Importantly, this range was also considerably below a perfect classification score (100%). Decades of previous EEG research have indicated that inter-rater reliability in EEG diagnostics is only moderate [Grant et al. (2014), Houfek and Ellingson (1959), Rose et al. (1973)], which ultimately results in label noise. Regarding label noise, we refer to expert mistakes in diagnosing the EEG recordings as either pathological or non-pathological, which has a number of mutually related consequences [Frénay and Verleysen (2013)]: decrease of decoding performance, increase of required amount of data to achieve acceptable decoding performance, and increase of model complexity to properly fit the data. Furthermore, label noise complicates the identification of relevant features [Frénay and Verleysen (2013)]. Importantly, in our setting, low inter-rater agreement and the resulting label noise imposed a limit on the theoretically achievable decoding accuracies because we were required to evaluate against the noisy labels within our separate, final evaluation set. Moreover, we did not have access to any rater-independent ground truth141414One can design alternative decoding tasks different from pathology decoding based on the TUH Abnormal EEG Corpus, such as the decoding of patient gender or age.. Interestingly, inter-rater agreement in binary classification of EEGs into pathological and non-pathological has been reported as 86–88% [Houfek and Ellingson (1959), Rose et al. (1973)], although these scores were based on EEG ratings of only two neurologists. Given these numbers, it would appear to be a possibility that EEG pathology decoding accuracies as observed herein and previously by Van Leeuwen et al. (2019), Schirrmeister et al. (2017a), and Roy et al. (2019)
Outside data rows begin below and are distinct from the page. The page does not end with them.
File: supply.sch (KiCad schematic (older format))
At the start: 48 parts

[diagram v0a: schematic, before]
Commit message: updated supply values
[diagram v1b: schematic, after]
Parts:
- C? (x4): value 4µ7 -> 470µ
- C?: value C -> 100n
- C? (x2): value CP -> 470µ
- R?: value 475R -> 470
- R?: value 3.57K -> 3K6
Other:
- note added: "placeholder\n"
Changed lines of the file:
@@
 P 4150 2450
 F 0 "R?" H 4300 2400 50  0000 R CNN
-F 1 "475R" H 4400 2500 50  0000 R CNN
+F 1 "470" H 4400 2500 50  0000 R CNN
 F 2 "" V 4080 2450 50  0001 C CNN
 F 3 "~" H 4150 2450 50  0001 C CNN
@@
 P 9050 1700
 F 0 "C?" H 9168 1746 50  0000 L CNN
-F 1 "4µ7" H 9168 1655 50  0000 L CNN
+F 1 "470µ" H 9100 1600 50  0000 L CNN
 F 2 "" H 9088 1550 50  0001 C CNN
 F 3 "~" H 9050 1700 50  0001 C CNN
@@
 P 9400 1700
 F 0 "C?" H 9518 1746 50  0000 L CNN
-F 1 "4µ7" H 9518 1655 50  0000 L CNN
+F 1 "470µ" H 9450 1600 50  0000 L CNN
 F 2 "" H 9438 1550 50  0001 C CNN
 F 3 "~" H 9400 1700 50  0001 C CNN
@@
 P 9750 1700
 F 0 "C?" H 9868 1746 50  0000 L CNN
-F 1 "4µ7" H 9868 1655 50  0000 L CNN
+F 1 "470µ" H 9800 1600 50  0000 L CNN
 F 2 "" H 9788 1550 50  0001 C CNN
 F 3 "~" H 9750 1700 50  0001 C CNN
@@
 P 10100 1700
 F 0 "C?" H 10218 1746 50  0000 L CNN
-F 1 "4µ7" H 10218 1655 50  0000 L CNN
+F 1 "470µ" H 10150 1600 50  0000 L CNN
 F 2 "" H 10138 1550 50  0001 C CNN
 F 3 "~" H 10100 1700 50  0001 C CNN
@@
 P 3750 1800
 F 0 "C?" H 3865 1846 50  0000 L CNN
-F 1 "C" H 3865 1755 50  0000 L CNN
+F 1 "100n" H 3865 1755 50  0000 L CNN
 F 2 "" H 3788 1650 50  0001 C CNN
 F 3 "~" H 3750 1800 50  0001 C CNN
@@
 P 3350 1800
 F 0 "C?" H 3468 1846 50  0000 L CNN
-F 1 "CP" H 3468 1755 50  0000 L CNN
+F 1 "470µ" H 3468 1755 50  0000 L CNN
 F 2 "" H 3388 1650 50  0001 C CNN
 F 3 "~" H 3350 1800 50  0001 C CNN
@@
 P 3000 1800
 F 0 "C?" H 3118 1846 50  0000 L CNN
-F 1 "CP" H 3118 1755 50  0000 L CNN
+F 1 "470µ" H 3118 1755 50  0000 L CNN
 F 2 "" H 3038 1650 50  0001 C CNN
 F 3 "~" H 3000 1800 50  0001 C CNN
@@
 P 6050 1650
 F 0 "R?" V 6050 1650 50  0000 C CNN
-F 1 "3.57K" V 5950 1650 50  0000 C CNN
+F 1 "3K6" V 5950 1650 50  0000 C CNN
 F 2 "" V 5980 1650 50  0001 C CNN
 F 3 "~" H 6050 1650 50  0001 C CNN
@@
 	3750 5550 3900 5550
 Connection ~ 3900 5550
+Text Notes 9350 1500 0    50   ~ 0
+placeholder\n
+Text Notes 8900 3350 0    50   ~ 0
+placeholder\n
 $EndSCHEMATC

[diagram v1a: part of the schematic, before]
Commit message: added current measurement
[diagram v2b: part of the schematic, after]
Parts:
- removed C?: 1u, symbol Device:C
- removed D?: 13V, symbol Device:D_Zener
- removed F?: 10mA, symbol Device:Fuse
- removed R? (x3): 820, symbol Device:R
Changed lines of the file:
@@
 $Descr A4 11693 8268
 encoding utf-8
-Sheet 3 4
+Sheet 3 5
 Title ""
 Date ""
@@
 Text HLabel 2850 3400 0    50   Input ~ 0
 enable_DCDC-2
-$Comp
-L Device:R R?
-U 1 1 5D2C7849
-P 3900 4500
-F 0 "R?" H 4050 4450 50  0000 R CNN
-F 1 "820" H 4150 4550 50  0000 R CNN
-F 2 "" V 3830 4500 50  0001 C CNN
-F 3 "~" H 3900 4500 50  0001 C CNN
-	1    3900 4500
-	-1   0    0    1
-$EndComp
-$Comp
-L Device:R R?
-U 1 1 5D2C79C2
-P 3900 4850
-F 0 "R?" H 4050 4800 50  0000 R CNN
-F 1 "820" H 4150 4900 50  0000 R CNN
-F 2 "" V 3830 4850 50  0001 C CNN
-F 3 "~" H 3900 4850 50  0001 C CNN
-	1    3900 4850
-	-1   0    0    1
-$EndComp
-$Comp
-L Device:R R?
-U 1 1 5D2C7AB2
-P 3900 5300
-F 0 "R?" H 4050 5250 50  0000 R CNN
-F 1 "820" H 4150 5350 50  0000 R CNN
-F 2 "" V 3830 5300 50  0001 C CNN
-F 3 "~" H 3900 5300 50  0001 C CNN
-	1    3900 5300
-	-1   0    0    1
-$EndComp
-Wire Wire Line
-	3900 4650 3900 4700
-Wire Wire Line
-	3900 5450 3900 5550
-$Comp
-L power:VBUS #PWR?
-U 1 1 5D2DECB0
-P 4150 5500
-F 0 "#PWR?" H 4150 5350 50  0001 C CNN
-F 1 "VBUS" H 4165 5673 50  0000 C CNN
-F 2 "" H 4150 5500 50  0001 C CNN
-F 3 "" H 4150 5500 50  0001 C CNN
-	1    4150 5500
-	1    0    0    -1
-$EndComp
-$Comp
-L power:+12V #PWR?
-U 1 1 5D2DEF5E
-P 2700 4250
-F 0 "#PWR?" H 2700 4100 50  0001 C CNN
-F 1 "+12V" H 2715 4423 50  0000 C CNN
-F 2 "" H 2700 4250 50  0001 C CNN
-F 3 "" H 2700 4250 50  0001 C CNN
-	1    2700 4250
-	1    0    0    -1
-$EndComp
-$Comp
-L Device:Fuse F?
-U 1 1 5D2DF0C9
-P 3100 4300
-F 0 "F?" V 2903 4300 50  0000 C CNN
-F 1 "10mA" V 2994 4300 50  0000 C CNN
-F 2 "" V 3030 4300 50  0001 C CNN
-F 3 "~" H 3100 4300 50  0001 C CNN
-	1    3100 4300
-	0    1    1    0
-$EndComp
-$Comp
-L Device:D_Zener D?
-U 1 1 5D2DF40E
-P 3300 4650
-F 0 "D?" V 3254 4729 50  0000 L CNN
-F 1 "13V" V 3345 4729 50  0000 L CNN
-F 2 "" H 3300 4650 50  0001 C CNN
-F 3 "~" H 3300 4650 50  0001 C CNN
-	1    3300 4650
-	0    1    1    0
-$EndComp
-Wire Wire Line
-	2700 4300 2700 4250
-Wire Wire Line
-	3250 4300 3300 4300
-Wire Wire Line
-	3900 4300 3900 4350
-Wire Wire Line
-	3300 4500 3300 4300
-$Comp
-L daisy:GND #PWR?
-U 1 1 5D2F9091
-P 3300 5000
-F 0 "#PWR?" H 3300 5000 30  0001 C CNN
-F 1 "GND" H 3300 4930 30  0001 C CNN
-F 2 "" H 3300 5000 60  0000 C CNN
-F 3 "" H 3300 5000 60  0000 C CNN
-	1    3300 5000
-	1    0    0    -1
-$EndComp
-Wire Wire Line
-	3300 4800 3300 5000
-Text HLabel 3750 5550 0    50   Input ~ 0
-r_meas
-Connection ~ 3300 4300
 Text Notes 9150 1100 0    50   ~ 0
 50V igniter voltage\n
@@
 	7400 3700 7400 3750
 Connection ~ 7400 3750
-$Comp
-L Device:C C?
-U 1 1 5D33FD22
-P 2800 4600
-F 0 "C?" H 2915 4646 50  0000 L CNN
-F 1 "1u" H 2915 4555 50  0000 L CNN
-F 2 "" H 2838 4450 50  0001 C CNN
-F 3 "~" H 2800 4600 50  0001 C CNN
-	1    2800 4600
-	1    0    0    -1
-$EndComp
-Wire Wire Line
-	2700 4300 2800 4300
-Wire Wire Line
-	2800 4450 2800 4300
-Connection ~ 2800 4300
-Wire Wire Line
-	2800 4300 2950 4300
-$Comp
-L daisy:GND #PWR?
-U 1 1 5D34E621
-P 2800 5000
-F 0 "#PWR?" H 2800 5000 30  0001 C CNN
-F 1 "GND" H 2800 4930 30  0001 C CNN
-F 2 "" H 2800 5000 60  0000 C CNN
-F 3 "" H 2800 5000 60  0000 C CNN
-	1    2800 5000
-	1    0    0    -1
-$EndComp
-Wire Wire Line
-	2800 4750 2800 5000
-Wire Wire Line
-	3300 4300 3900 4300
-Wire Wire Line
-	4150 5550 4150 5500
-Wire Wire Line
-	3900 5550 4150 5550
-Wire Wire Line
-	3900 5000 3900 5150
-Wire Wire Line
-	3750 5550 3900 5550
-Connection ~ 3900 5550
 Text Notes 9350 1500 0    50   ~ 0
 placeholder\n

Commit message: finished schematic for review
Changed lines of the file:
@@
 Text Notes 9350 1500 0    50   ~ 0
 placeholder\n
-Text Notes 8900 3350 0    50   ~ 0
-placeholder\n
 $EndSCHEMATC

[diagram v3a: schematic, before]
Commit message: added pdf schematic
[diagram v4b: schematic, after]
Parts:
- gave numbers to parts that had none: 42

at approximately 86% could have approached the theoretical optimum imposed by label noise. This proposed hypothesis could be tested in the future; however, it would involve a considerable effort. It would require both a large data set as used in the present study and independent ratings of multiple EEG experts. A massive amount of EEG data is waiting in the archives of medical centers to be used. As end-to-end approaches are typically data intense, a larger amount of training data could help to improve generalization further. Moreover, in traditional feature-based approaches, more data would probably illicit positive effects, as more data in ML is typically favorable over more complex classification algorithms [

Halevy et al. (2009)]. Furthermore, a labeling of EEG recordings as pathological or non-pathological through an ensemble of considerable number of neurologists and/or epileptologists would be a significant beginning to improve label quality. The inter-rater agreement scores that result from the ensemble could then be included in the data set on a per-recording basis, such that they can be included in a detailed analysis.

In the case where the hypothesis is incorrect and the theoretically optimal EEG pathology decoding accuracy is higher, we see two possible, nonexclusive causes. The first is that inter-rater reliability of the current data sets is higher than the numbers typically reported in the literature [Houfek and Ellingson (1959), Rose et al. (1973)]. The second is that all the methods investigated to date did not extract or use certain features and information that was used by the physicians to determine a diagnosis. In the first case, the question arises why neither the end-to-end nor the feature-based pipeline could better fit and predict the data. In the second case, the question arises as to what additional source of information was used by the physicians and how it could be included to enhance performance. Both cases would open up new, interesting research questions.

4.6 Learned versus handcrafted features

Based on our feature visualizations, we determined that features extracted in the theta and delta range from the temporal electrode locations are considered informative. Knowing that epilepsy is statistically one of the most common disorders of the brain [Thijs et al. (2019)] and that temporal lobe epilepsy is the most prominent epilepsy [Helmstaedter and Elger (2009)], this could be a reason why this region is important in determining pathology in all decoding pipelines. Note that although we know epilepsy is one of the pathologies included in the data set, we neither know the exact number of occurrences nor how many of those suffer from temporal lobe epilepsy.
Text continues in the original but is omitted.